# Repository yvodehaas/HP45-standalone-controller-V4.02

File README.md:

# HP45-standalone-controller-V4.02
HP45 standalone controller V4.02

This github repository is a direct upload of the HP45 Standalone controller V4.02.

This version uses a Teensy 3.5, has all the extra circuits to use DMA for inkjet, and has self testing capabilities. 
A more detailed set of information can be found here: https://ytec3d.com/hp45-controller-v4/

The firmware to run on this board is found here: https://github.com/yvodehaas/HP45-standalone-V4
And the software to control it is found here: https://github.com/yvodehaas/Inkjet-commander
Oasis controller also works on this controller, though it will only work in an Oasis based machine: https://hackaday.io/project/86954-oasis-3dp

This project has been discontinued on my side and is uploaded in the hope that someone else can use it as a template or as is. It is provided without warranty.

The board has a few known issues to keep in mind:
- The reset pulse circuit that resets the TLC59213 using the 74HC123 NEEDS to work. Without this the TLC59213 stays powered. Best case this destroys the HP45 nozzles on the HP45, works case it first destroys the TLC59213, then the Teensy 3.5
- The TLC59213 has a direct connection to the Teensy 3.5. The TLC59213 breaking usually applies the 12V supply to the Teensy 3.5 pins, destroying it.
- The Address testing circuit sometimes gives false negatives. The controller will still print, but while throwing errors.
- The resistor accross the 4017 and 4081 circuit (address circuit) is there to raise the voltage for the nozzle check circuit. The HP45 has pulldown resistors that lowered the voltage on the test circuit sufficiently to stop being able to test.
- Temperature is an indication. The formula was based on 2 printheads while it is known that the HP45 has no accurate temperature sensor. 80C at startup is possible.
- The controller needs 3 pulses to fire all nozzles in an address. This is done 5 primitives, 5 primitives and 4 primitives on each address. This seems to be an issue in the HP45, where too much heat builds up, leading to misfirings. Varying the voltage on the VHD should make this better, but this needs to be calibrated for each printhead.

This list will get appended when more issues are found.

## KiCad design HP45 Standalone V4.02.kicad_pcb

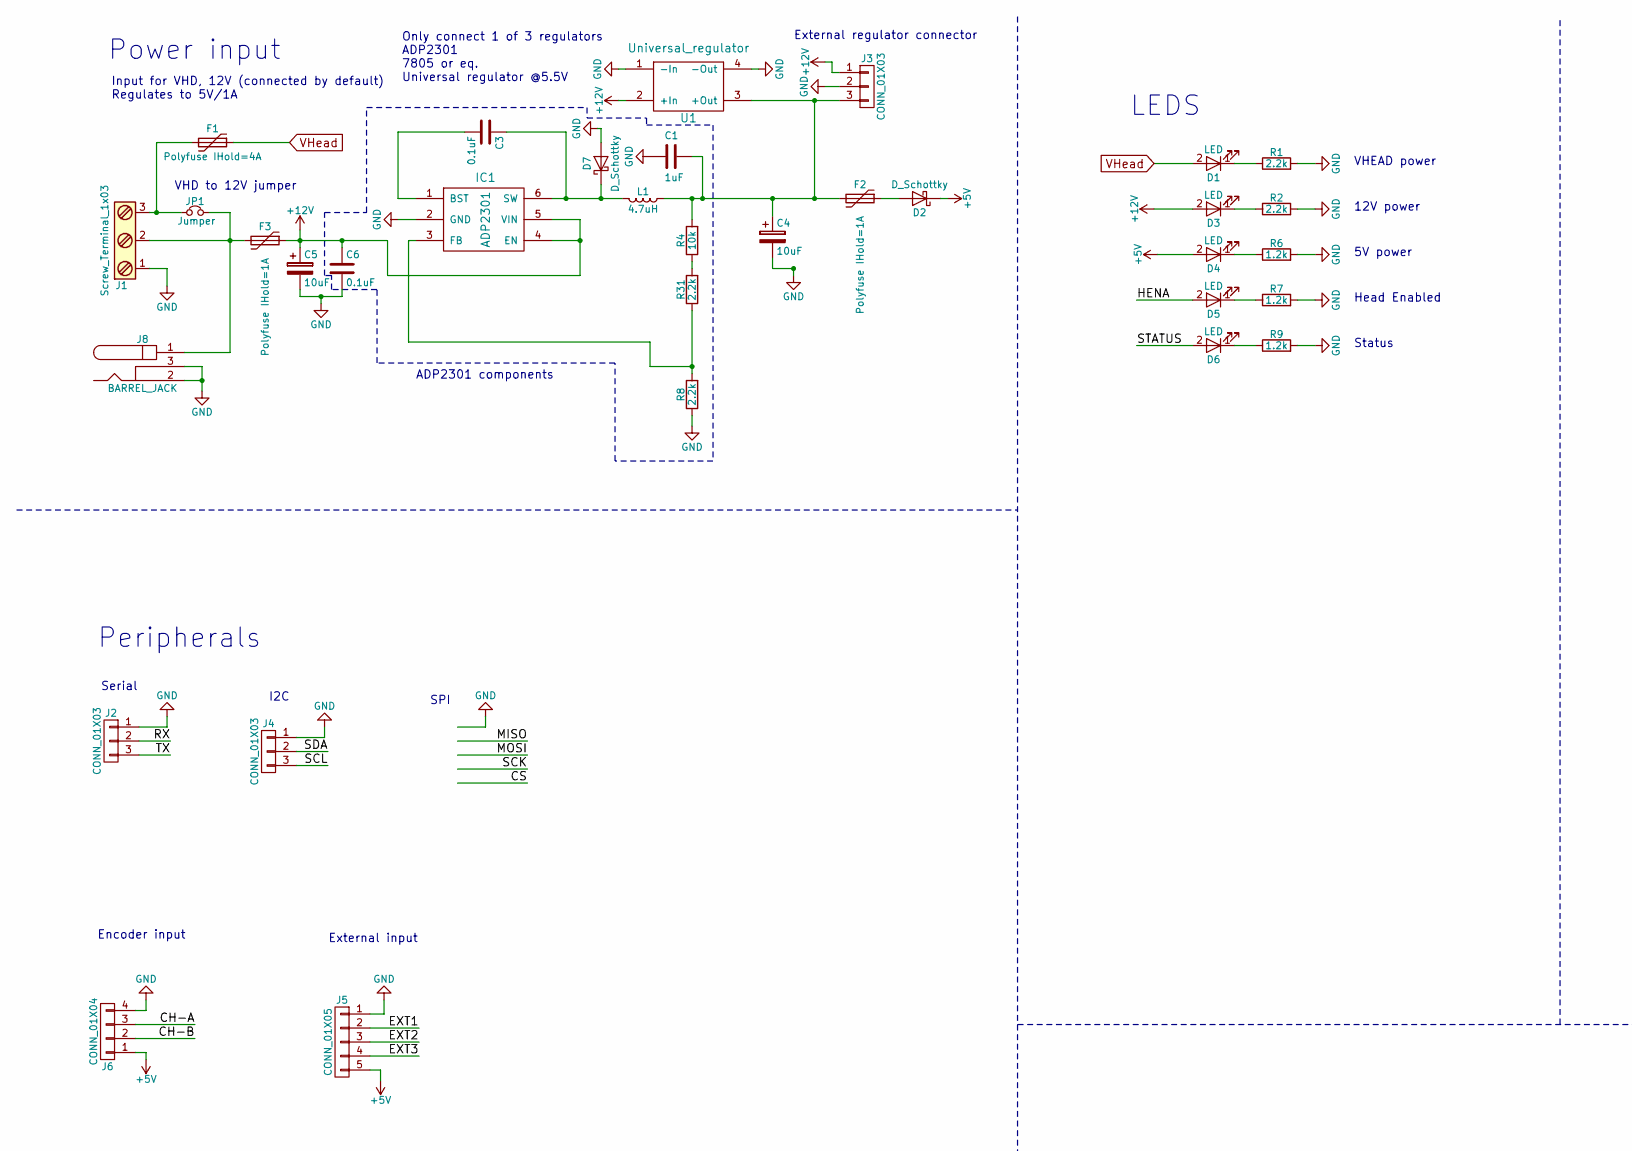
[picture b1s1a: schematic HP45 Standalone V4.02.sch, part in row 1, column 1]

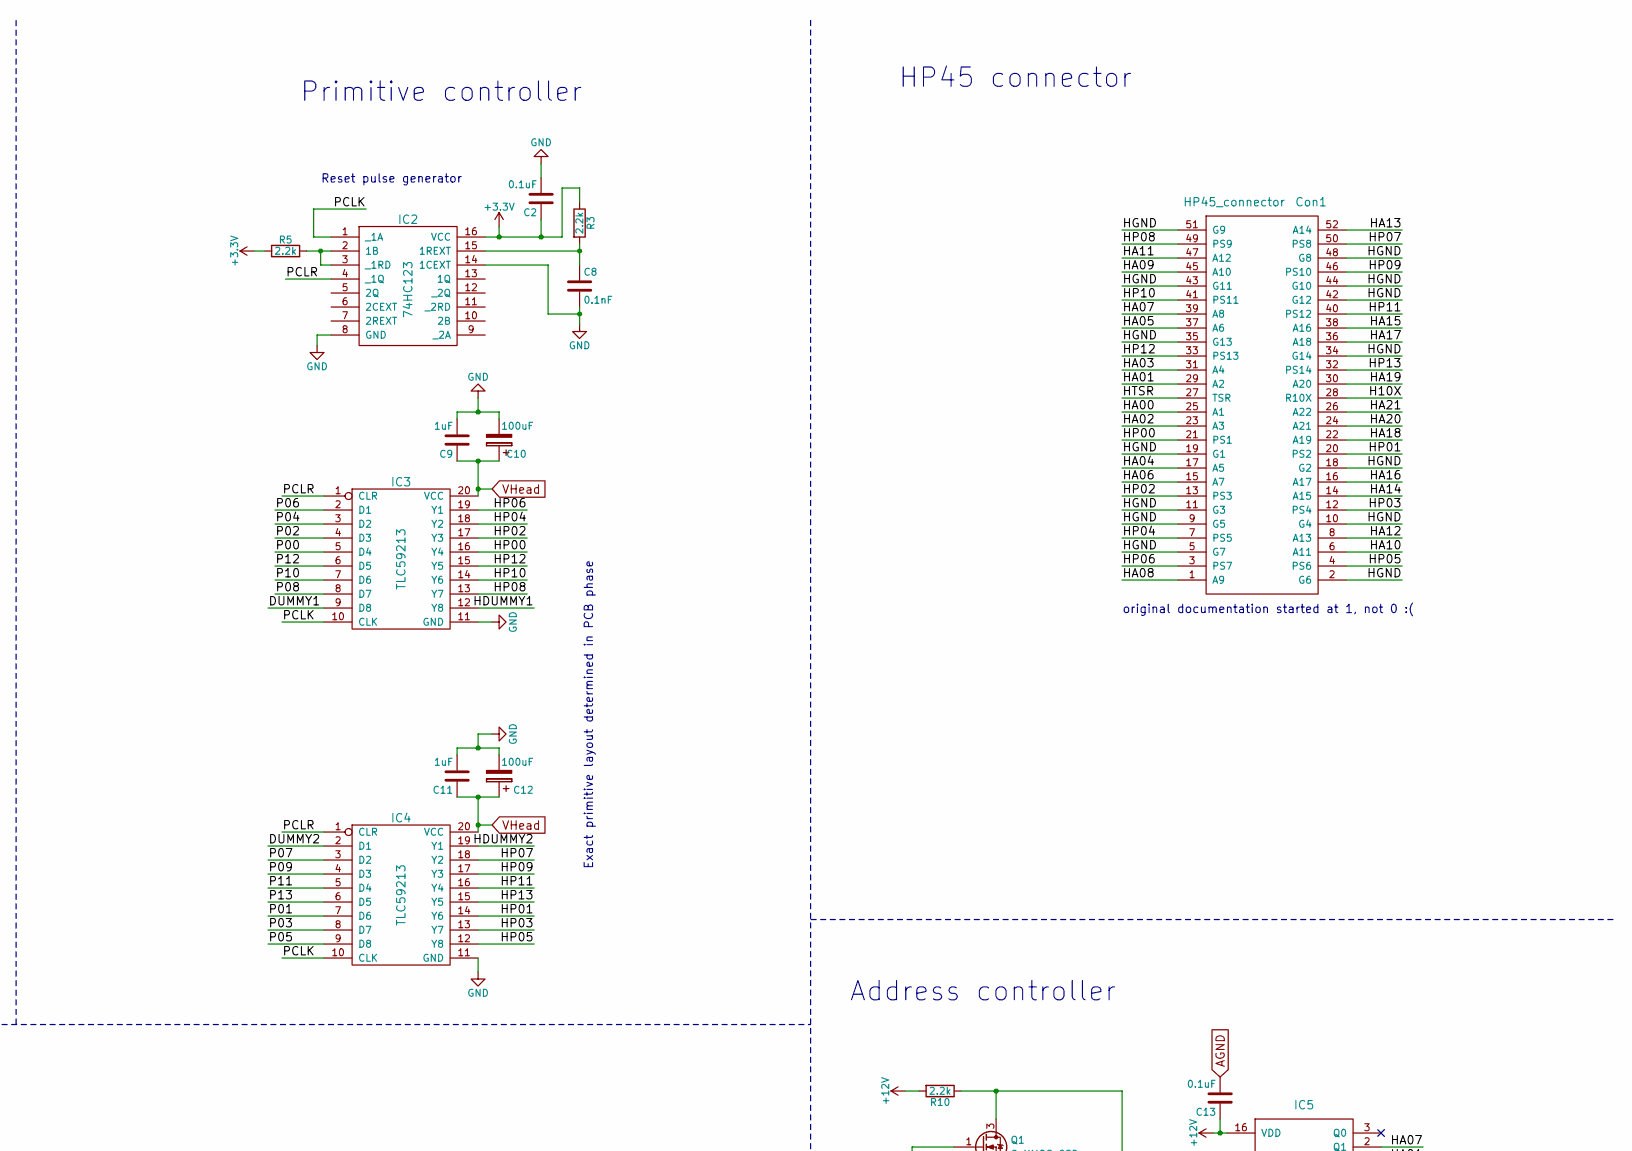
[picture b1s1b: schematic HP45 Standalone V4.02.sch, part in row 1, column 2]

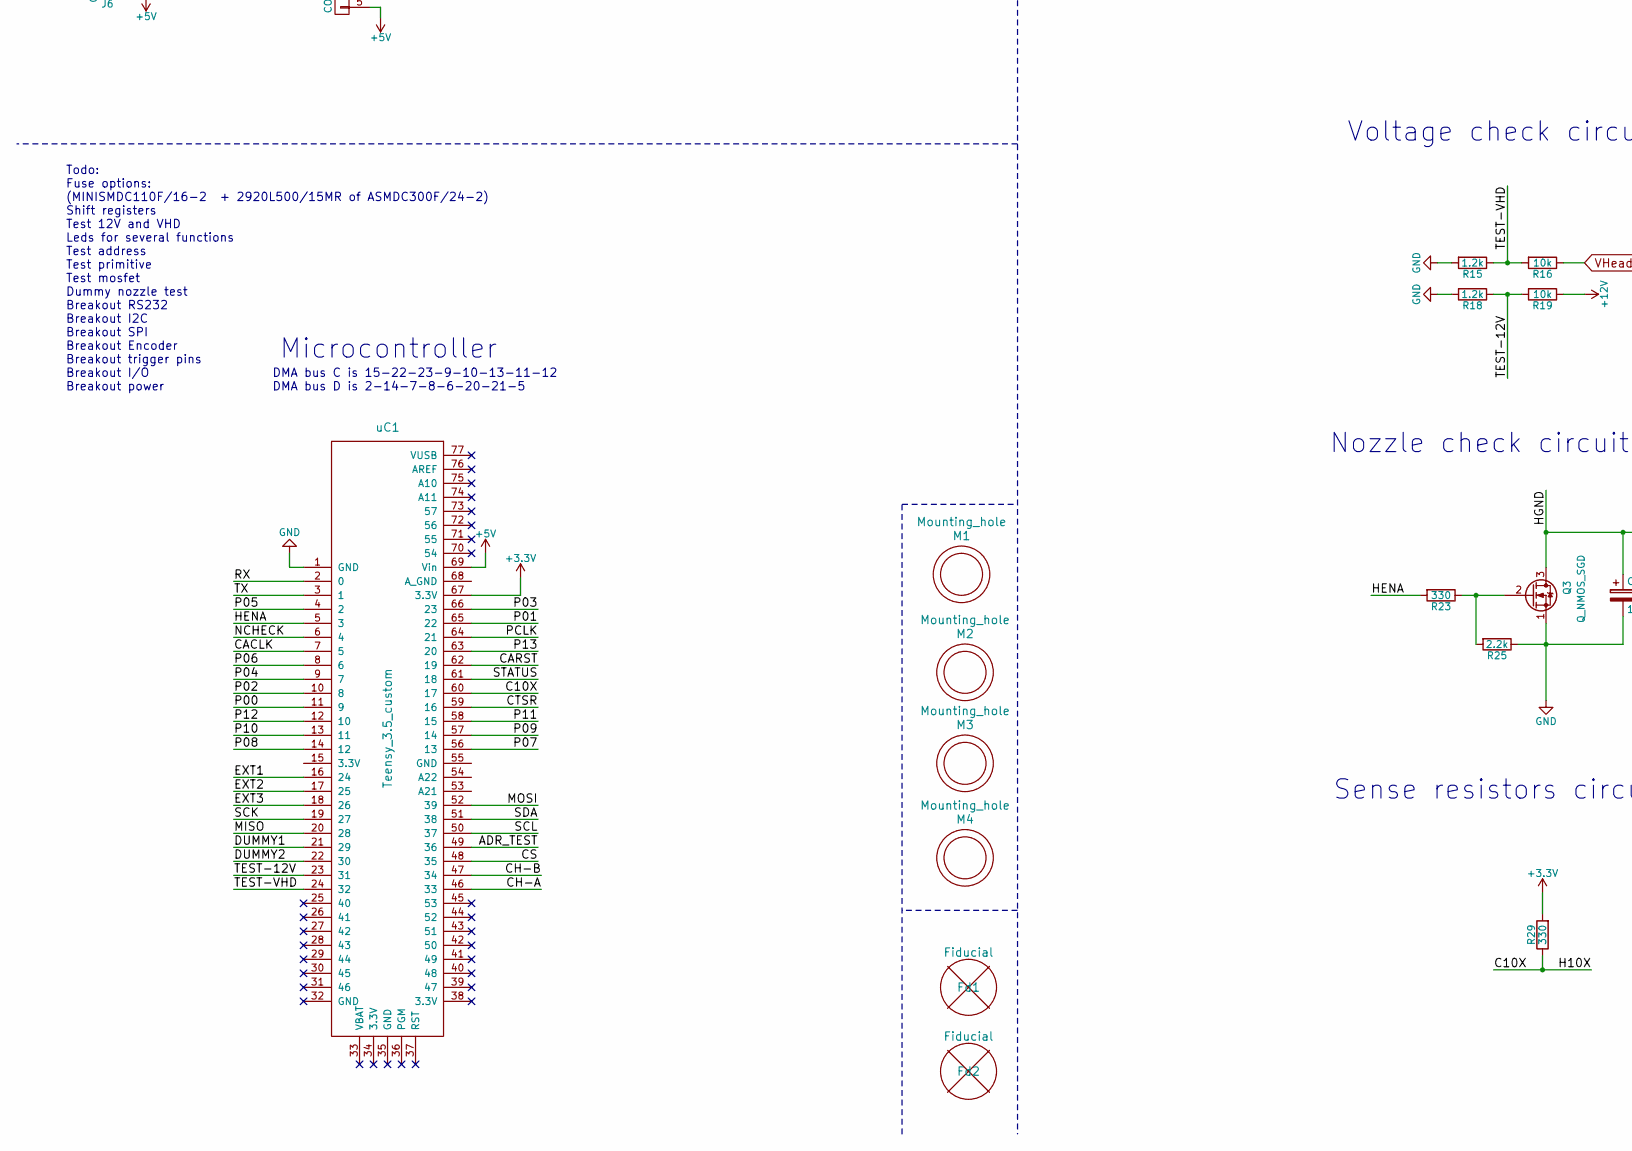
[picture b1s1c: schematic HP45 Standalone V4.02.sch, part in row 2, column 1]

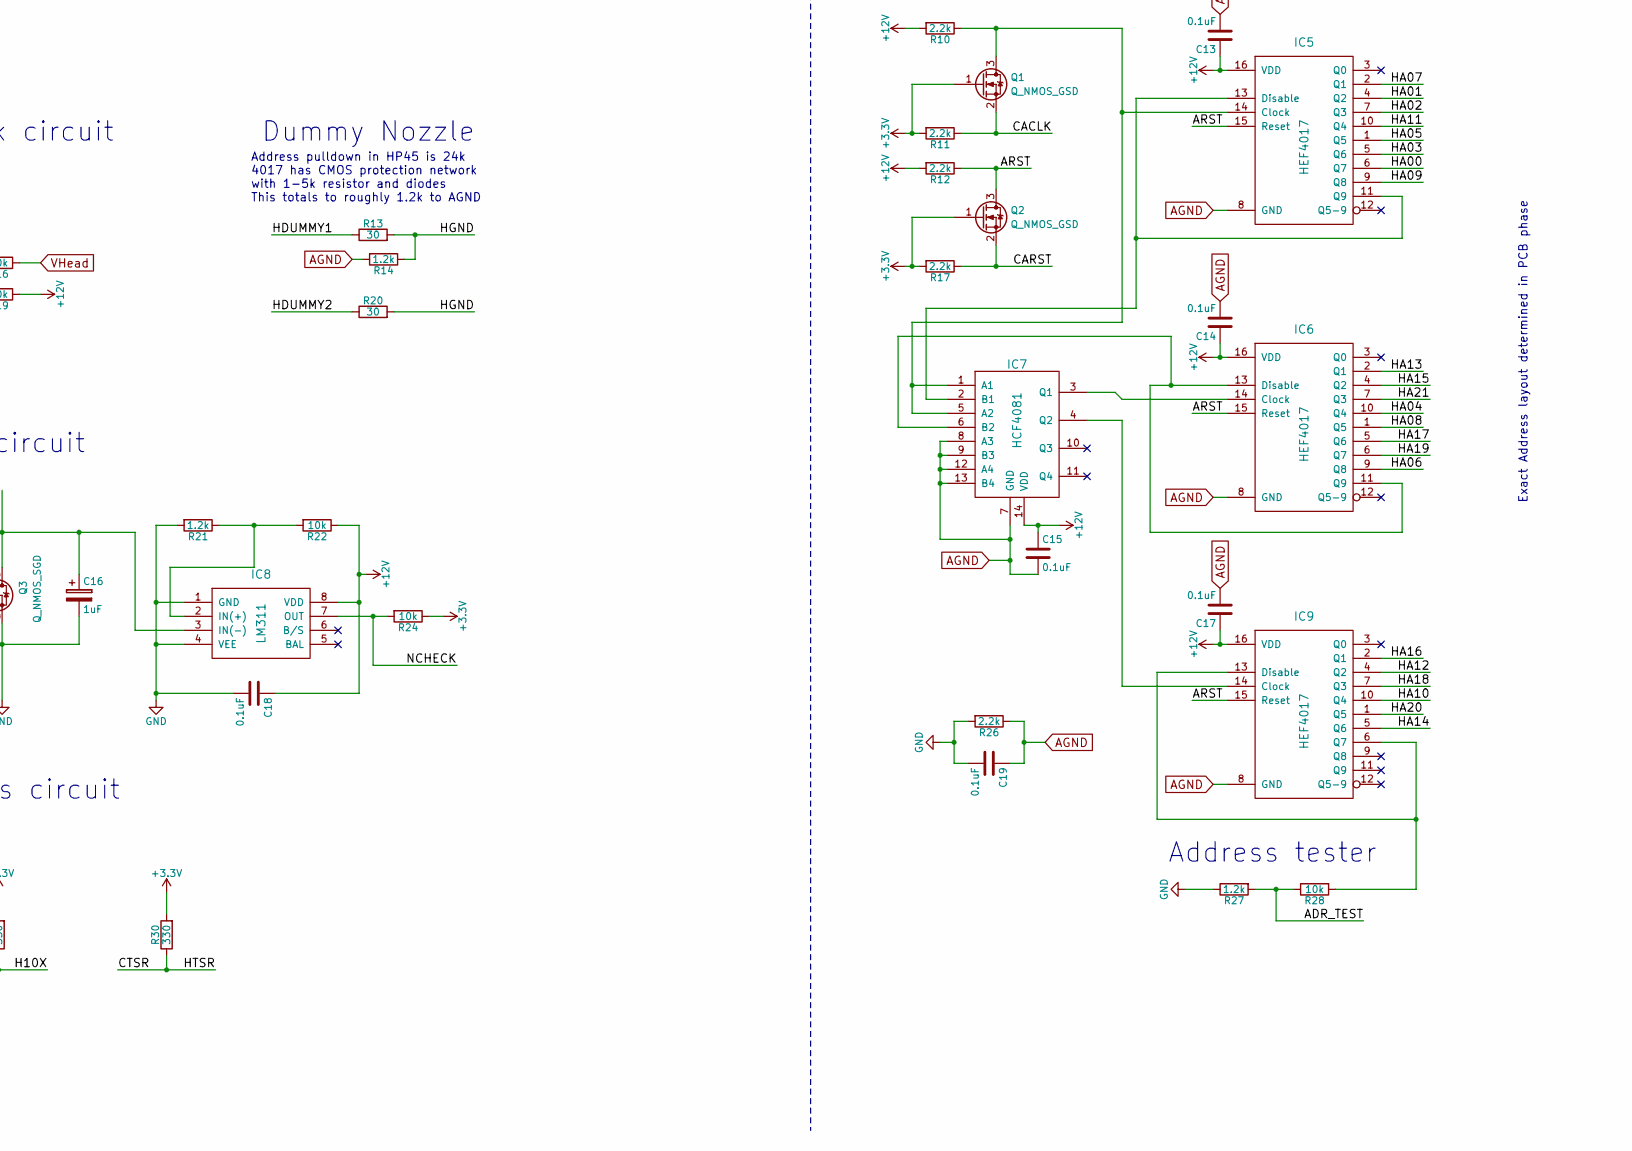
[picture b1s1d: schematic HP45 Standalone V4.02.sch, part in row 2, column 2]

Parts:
C1, C9, C11: 1uF; C_0603
C2, C3, C6, C13, C14, C15, C17, C18, C19: 0.1uF; C_0603
C4, C5: 10uF; CP_Elec_4x5.8
C8: 0.1nF; C_0603
C10, C12: 100uF; CP_Elec_8x10
C16: 1uF; CP_Elec_4x5.8
Con1: HP45_connector; HP45_SMD_connector
D1, D3, D4, D5, D6: LED; LED_0603
D2, D7: D_Schottky; D_SOD-323HE
F1: Polyfuse IHold=4A; Universal_PTC
F2, F3: Polyfuse IHold=1A; R_1812
Fd1, Fd2: Fiducial; Fiducial_1mm_Dia_2mm_Outer
IC1: ADP2301; TSOP-6_1.65x3.05mm_Pitch0.95mm
IC2: 74HC123; TSSOP-16_4.4x5mm_Pitch0.65mm
IC3, IC4: TLC59213; TSSOP-20_4.4x6.5mm_Pitch0.65mm
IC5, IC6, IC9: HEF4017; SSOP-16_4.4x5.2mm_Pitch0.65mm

--

Aim of the exercise:
Look through the entries. Copy out each line with "picture" in it.

Answer space:
[picture b1s1a: schematic HP45 Standalone V4.02.sch, part in row 1, column 1]
[picture b1s1b: schematic HP45 Standalone V4.02.sch, part in row 1, column 2]
[picture b1s1c: schematic HP45 Standalone V4.02.sch, part in row 2, column 1]
[picture b1s1d: schematic HP45 Standalone V4.02.sch, part in row 2, column 2]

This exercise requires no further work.